■ Data to process
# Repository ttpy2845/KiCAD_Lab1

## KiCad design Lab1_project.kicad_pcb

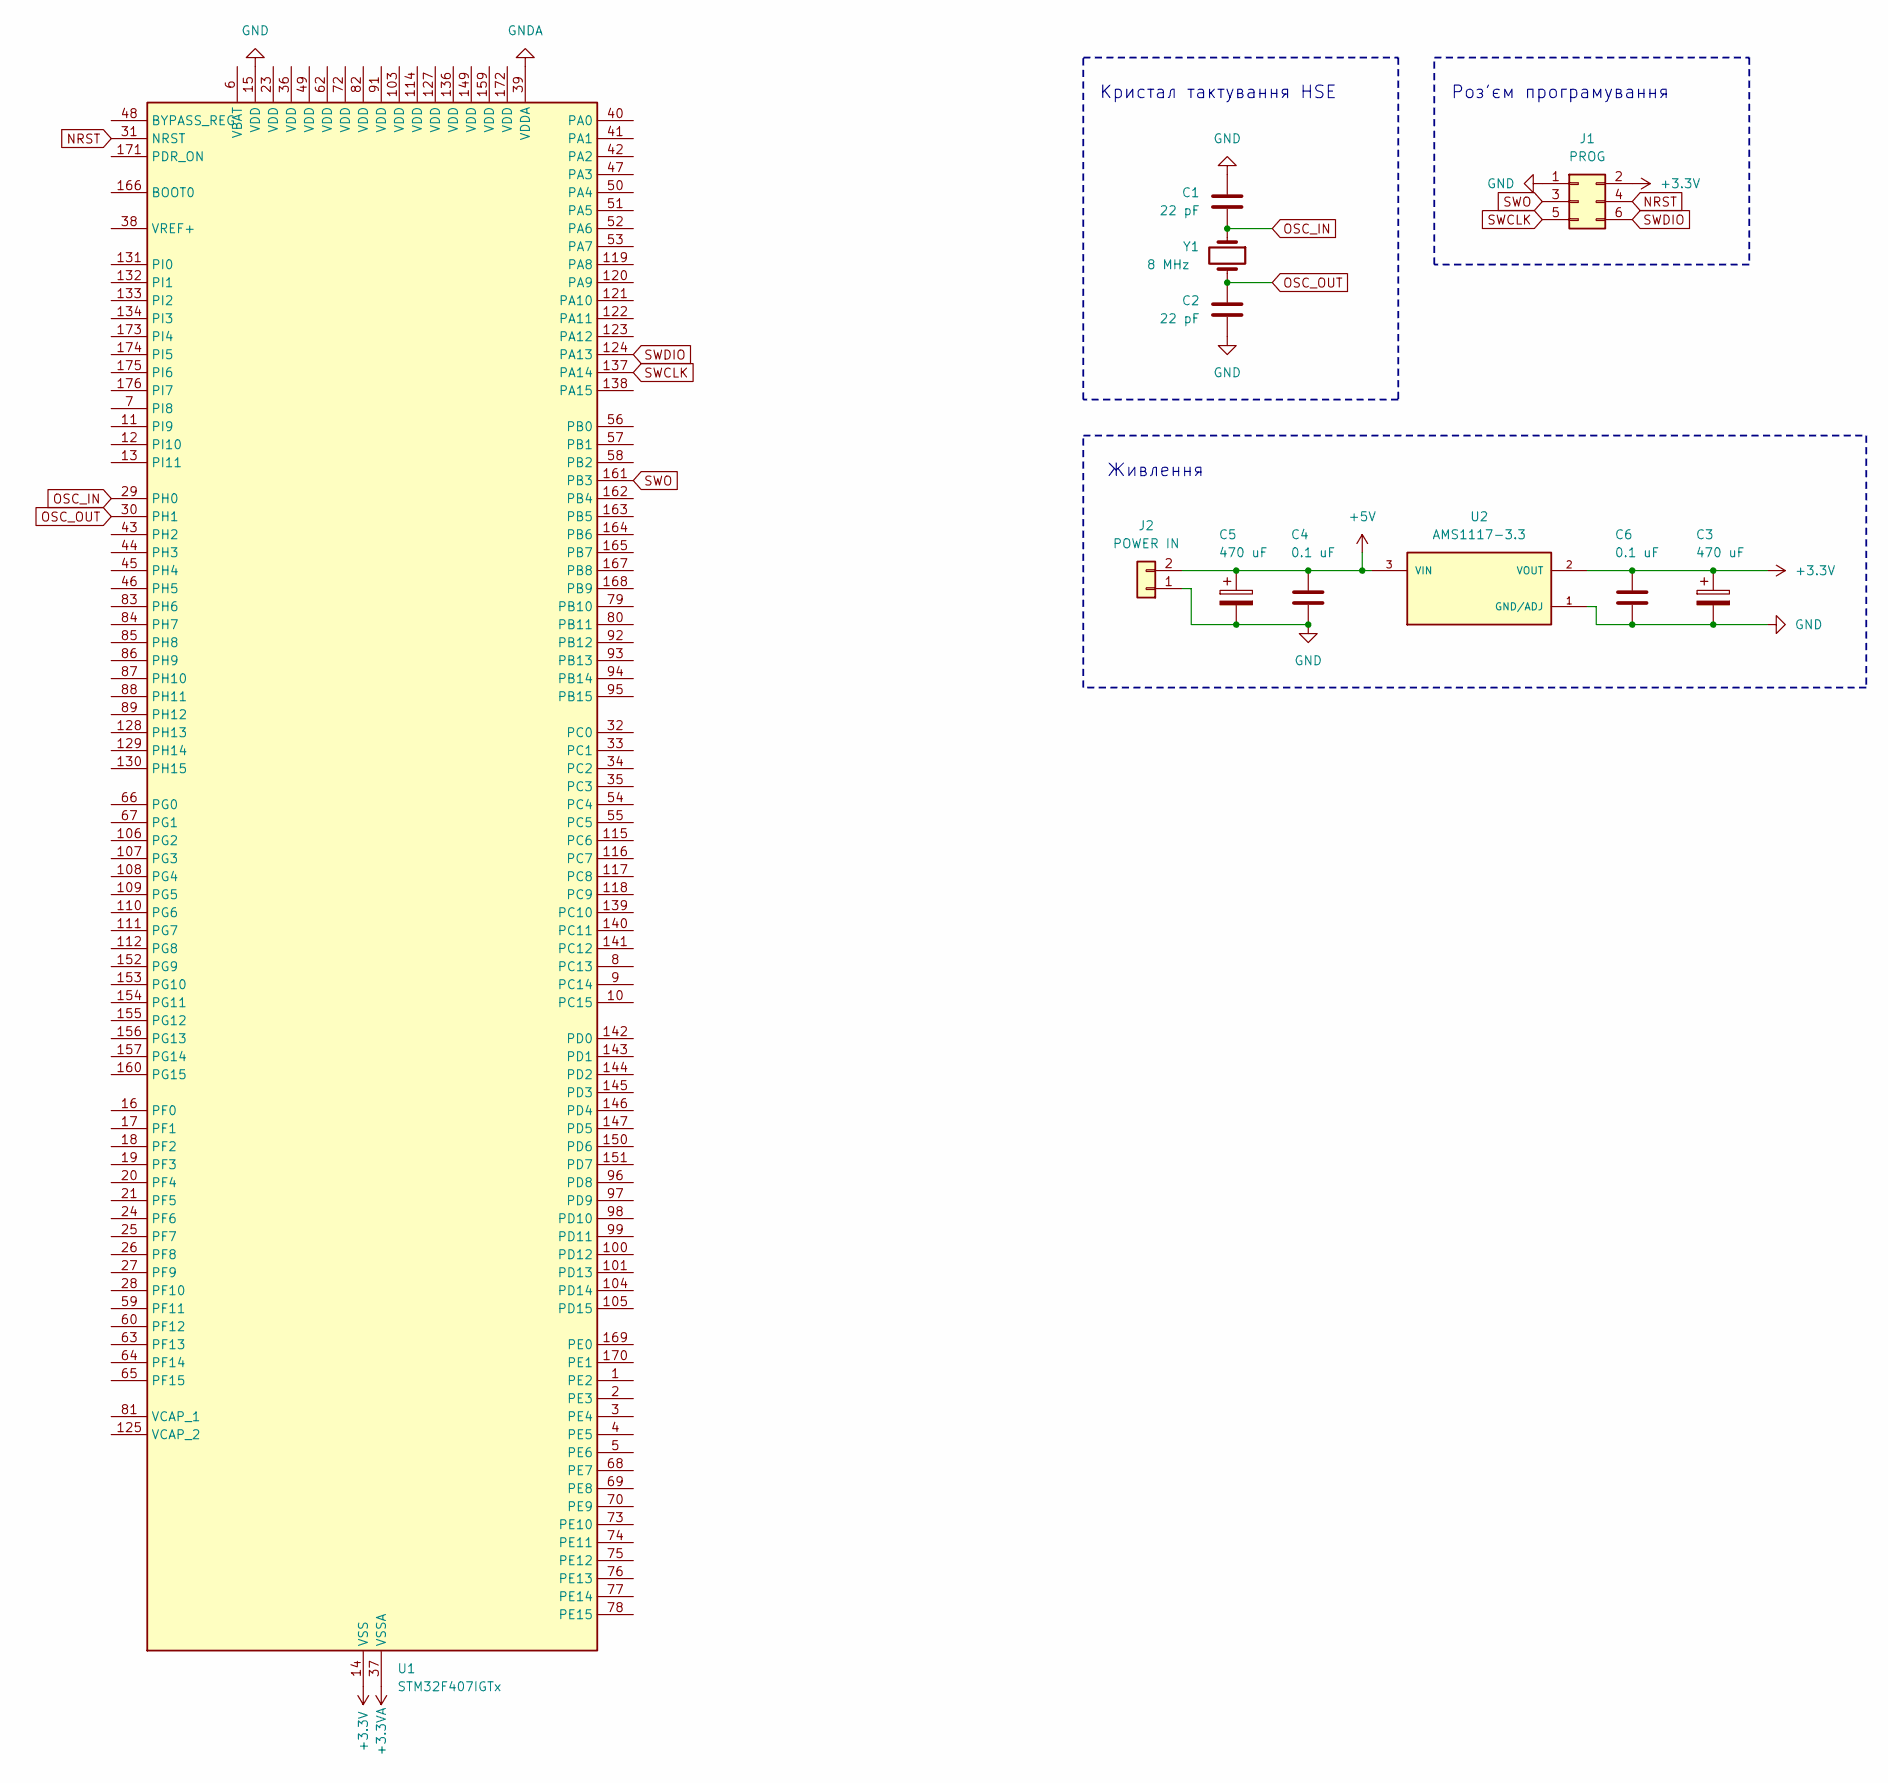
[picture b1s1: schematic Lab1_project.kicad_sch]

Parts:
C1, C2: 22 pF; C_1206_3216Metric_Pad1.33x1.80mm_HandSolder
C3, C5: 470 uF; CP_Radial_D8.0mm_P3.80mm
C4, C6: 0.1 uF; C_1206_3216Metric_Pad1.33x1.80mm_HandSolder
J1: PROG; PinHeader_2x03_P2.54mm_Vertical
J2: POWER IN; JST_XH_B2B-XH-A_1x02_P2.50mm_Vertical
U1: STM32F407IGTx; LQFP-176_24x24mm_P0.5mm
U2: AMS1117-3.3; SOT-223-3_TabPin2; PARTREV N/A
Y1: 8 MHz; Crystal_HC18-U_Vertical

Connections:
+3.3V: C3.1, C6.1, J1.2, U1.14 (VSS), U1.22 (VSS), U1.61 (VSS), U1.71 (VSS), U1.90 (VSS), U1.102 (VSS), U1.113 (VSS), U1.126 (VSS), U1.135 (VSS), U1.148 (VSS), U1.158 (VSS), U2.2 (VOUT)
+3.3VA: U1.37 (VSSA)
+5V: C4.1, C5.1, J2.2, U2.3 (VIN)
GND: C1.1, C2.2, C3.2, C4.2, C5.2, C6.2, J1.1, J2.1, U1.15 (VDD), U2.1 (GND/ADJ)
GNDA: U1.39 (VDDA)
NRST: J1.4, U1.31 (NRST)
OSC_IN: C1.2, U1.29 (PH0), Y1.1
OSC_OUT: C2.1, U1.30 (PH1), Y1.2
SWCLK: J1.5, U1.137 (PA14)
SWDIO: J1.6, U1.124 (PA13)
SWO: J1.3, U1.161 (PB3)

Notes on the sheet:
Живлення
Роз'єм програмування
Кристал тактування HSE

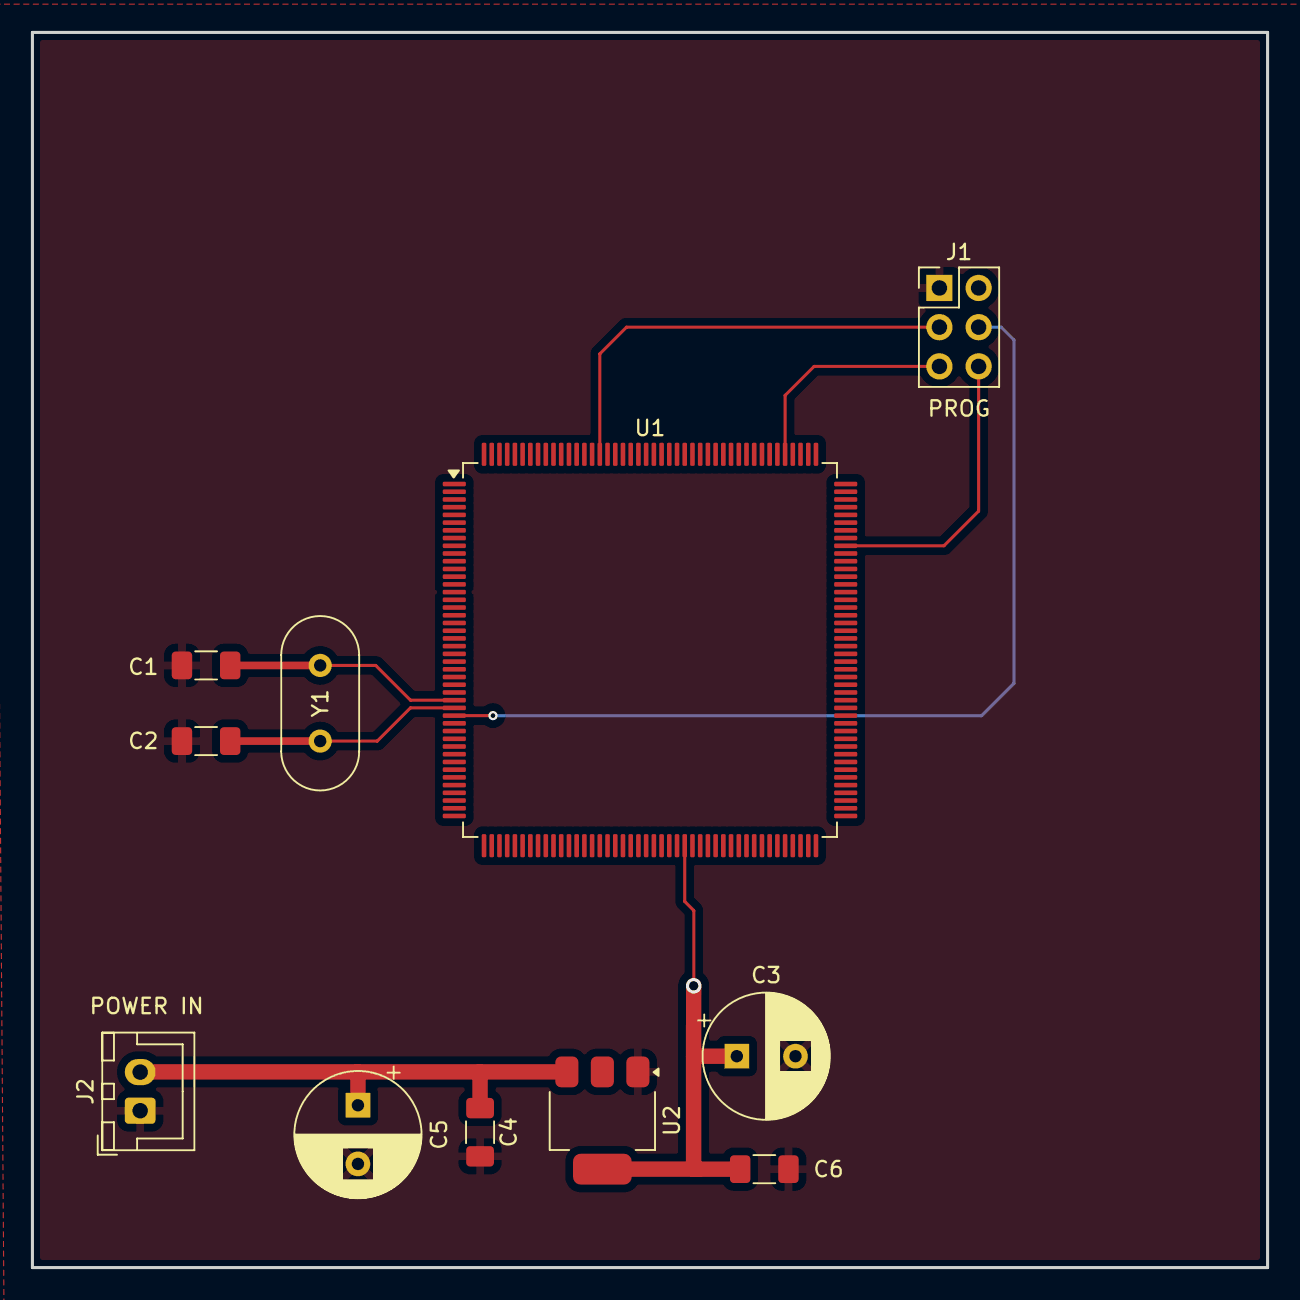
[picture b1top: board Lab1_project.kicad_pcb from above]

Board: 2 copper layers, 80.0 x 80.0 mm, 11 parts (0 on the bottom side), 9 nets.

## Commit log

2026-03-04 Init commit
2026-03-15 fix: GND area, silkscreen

■ Your assignment
From the first line to the last, print the records exactly; leave out the pictures.

■ Answer to this problem
# Repository ttpy2845/KiCAD_Lab1

## KiCad design Lab1_project.kicad_pcb

[picture b1s1: schematic Lab1_project.kicad_sch]

Parts:
C1, C2: 22 pF; C_1206_3216Metric_Pad1.33x1.80mm_HandSolder
C3, C5: 470 uF; CP_Radial_D8.0mm_P3.80mm
C4, C6: 0.1 uF; C_1206_3216Metric_Pad1.33x1.80mm_HandSolder
J1: PROG; PinHeader_2x03_P2.54mm_Vertical
J2: POWER IN; JST_XH_B2B-XH-A_1x02_P2.50mm_Vertical
U1: STM32F407IGTx; LQFP-176_24x24mm_P0.5mm
U2: AMS1117-3.3; SOT-223-3_TabPin2; PARTREV N/A
Y1: 8 MHz; Crystal_HC18-U_Vertical

Connections:
+3.3V: C3.1, C6.1, J1.2, U1.14 (VSS), U1.22 (VSS), U1.61 (VSS), U1.71 (VSS), U1.90 (VSS), U1.102 (VSS), U1.113 (VSS), U1.126 (VSS), U1.135 (VSS), U1.148 (VSS), U1.158 (VSS), U2.2 (VOUT)
+3.3VA: U1.37 (VSSA)
+5V: C4.1, C5.1, J2.2, U2.3 (VIN)
GND: C1.1, C2.2, C3.2, C4.2, C5.2, C6.2, J1.1, J2.1, U1.15 (VDD), U2.1 (GND/ADJ)
GNDA: U1.39 (VDDA)
NRST: J1.4, U1.31 (NRST)
OSC_IN: C1.2, U1.29 (PH0), Y1.1
OSC_OUT: C2.1, U1.30 (PH1), Y1.2
SWCLK: J1.5, U1.137 (PA14)
SWDIO: J1.6, U1.124 (PA13)
SWO: J1.3, U1.161 (PB3)

Notes on the sheet:
Живлення
Роз'єм програмування
Кристал тактування HSE

[picture b1top: board Lab1_project.kicad_pcb from above]

Board: 2 copper layers, 80.0 x 80.0 mm, 11 parts (0 on the bottom side), 9 nets.

## Commit log

2026-03-04 Init commit
2026-03-15 fix: GND area, silkscreen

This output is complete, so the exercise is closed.